Entries taken from a collection:
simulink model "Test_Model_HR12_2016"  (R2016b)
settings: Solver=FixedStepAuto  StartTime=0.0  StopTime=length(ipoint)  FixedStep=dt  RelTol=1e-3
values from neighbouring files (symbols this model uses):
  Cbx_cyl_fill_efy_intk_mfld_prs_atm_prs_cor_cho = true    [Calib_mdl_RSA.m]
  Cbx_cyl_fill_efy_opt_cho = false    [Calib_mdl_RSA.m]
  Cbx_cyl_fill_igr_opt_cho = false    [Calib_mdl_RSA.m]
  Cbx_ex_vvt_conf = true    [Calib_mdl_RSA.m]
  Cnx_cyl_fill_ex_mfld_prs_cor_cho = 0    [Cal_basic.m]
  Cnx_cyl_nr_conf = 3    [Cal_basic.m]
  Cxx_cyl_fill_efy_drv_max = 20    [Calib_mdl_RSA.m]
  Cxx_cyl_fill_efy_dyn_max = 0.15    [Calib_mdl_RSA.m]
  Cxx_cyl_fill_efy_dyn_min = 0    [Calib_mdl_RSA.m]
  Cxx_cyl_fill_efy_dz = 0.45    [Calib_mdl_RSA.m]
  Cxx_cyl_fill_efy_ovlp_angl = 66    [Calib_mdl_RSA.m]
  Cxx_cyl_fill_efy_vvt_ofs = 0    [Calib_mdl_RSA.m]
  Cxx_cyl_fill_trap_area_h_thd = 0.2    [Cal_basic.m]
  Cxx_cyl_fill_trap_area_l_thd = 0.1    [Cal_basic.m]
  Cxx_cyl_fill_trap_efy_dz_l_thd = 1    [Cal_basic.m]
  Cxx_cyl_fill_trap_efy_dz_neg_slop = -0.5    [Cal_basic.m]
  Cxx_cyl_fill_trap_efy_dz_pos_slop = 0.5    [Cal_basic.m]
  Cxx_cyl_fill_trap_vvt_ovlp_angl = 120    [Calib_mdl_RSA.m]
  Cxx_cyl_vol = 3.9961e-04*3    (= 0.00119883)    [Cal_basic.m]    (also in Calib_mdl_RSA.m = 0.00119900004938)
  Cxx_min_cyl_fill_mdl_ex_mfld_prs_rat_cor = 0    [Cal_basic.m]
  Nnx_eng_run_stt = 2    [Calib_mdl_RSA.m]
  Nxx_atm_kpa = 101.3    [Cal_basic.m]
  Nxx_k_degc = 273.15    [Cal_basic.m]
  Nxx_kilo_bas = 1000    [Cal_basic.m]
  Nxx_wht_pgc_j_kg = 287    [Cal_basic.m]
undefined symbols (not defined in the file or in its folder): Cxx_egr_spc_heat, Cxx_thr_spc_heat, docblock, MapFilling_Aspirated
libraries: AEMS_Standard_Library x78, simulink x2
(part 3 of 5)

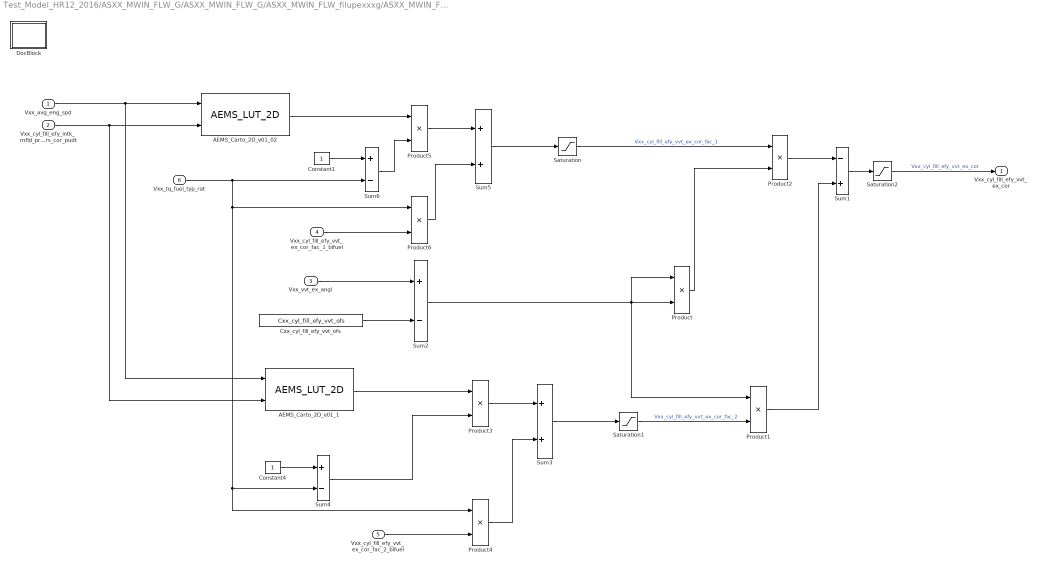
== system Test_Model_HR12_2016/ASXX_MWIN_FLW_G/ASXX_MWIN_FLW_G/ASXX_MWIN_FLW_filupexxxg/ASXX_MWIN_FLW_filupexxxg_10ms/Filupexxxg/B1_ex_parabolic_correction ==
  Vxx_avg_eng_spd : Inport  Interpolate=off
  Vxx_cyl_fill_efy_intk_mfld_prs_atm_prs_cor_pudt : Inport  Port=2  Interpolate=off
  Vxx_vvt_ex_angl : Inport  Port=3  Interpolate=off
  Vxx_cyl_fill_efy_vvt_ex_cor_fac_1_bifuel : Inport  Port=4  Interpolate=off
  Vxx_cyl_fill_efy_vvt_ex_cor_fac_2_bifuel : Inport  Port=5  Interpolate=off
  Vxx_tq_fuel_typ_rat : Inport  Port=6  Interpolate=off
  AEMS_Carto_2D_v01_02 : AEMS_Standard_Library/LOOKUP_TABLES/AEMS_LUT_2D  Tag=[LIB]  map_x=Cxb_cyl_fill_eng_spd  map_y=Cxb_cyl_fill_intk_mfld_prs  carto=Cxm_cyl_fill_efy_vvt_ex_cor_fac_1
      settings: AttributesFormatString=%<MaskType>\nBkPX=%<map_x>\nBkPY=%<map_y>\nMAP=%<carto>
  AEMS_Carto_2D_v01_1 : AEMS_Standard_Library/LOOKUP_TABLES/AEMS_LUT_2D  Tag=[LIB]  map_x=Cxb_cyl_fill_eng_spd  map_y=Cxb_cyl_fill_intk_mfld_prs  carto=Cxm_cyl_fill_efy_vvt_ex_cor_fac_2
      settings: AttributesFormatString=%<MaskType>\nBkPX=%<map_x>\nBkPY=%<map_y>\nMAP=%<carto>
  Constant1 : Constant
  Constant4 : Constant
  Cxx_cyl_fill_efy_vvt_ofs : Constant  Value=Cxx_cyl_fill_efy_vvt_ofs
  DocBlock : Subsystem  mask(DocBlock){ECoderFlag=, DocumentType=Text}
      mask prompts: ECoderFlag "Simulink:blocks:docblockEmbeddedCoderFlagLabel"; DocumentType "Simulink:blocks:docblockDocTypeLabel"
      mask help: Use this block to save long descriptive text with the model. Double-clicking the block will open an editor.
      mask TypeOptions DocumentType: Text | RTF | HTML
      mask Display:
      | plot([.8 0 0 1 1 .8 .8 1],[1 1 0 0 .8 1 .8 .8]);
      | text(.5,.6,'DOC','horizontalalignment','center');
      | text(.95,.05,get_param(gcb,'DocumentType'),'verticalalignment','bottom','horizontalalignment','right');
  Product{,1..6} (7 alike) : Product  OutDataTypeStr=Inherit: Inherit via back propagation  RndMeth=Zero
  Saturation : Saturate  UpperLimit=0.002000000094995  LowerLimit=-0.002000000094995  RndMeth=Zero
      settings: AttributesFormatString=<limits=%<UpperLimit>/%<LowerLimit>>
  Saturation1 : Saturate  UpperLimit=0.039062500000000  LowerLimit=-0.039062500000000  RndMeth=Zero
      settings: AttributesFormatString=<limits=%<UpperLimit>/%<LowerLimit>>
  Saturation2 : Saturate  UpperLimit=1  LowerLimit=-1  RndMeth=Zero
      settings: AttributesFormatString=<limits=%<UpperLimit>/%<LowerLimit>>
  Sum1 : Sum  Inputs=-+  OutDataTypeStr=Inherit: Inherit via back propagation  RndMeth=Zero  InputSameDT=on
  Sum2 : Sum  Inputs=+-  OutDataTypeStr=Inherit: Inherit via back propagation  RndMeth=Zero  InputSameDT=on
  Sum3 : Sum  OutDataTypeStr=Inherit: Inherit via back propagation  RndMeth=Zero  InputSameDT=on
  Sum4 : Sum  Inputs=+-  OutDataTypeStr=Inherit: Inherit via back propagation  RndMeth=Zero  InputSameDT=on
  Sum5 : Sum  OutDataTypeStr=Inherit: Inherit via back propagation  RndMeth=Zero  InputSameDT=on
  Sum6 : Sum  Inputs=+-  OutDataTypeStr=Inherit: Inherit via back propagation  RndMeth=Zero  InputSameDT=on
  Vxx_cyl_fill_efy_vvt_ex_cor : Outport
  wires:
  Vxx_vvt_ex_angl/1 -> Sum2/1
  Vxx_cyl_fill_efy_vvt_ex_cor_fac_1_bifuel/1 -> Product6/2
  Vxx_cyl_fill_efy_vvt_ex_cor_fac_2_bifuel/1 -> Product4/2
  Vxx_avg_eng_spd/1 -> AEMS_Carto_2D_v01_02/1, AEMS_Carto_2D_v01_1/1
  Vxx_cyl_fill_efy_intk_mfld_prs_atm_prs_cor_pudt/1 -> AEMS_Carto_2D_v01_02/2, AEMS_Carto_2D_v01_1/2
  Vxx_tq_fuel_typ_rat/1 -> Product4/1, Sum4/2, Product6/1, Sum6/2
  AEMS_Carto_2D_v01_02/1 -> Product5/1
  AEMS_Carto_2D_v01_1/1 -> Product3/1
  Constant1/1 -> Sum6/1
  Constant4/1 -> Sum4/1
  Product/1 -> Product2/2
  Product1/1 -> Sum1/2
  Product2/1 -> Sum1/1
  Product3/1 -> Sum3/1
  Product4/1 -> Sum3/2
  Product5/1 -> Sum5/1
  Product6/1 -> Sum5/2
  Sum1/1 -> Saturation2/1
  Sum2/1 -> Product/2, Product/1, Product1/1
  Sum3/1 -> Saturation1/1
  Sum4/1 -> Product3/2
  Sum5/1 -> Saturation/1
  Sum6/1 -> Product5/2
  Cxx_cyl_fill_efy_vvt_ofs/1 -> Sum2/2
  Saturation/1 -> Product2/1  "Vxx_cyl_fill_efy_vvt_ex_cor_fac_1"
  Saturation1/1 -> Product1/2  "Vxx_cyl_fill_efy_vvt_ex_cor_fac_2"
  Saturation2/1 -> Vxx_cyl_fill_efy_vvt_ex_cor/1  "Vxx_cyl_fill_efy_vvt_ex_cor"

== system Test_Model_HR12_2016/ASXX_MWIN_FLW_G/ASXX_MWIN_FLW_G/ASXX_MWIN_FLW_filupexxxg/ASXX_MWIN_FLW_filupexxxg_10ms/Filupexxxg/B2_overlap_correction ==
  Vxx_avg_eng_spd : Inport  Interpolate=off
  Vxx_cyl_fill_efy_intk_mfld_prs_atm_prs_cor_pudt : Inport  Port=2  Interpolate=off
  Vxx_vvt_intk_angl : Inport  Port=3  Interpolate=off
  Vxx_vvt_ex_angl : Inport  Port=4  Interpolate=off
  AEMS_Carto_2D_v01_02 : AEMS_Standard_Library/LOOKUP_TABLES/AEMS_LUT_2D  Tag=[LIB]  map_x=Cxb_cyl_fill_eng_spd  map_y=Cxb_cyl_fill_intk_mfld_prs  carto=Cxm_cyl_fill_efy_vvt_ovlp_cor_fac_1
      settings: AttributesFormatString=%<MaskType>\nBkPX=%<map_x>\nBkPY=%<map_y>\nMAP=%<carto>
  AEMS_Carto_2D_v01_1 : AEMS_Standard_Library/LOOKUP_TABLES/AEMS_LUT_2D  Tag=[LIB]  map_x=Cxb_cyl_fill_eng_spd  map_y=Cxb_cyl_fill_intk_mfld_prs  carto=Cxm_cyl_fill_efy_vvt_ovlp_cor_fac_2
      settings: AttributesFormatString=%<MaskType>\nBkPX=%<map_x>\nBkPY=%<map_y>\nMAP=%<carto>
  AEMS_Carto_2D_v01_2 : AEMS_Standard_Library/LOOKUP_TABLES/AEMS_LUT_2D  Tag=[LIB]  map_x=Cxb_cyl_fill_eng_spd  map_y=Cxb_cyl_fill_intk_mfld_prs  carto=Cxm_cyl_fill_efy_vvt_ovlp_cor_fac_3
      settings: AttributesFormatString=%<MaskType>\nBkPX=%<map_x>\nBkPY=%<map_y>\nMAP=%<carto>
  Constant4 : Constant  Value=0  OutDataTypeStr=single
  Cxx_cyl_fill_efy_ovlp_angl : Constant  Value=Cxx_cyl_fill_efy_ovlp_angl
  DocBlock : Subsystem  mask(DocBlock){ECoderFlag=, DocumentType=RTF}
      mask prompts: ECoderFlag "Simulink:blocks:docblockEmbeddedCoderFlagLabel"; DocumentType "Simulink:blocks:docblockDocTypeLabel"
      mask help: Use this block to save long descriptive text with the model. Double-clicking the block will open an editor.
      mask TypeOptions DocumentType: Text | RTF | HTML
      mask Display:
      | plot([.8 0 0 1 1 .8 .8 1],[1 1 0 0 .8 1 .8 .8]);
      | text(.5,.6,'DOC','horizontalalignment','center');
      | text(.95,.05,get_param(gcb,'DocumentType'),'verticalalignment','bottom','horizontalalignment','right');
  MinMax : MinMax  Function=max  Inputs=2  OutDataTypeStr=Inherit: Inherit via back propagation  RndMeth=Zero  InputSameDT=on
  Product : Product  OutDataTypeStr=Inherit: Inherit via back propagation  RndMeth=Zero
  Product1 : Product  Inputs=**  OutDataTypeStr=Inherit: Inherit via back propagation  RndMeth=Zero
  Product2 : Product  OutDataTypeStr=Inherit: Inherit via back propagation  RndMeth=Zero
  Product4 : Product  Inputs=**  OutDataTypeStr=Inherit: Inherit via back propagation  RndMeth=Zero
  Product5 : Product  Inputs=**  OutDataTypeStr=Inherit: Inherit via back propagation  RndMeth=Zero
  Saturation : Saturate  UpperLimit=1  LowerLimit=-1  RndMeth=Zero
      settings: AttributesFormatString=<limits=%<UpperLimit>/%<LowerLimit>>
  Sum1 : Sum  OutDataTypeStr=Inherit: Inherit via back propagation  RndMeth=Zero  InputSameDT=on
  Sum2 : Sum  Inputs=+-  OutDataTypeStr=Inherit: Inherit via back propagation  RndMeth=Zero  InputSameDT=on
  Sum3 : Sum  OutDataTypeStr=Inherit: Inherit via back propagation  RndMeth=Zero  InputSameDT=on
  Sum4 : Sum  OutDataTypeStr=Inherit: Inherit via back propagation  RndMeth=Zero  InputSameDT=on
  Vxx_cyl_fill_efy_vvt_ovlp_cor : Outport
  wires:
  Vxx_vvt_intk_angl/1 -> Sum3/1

• **ACTIVITY**: The word to find is "false". Copy every line of the records that holds it.

• **EXERCISE RESULT**:
  Cbx_cyl_fill_efy_opt_cho = false    [Calib_mdl_RSA.m]
  Cbx_cyl_fill_igr_opt_cho = false    [Calib_mdl_RSA.m]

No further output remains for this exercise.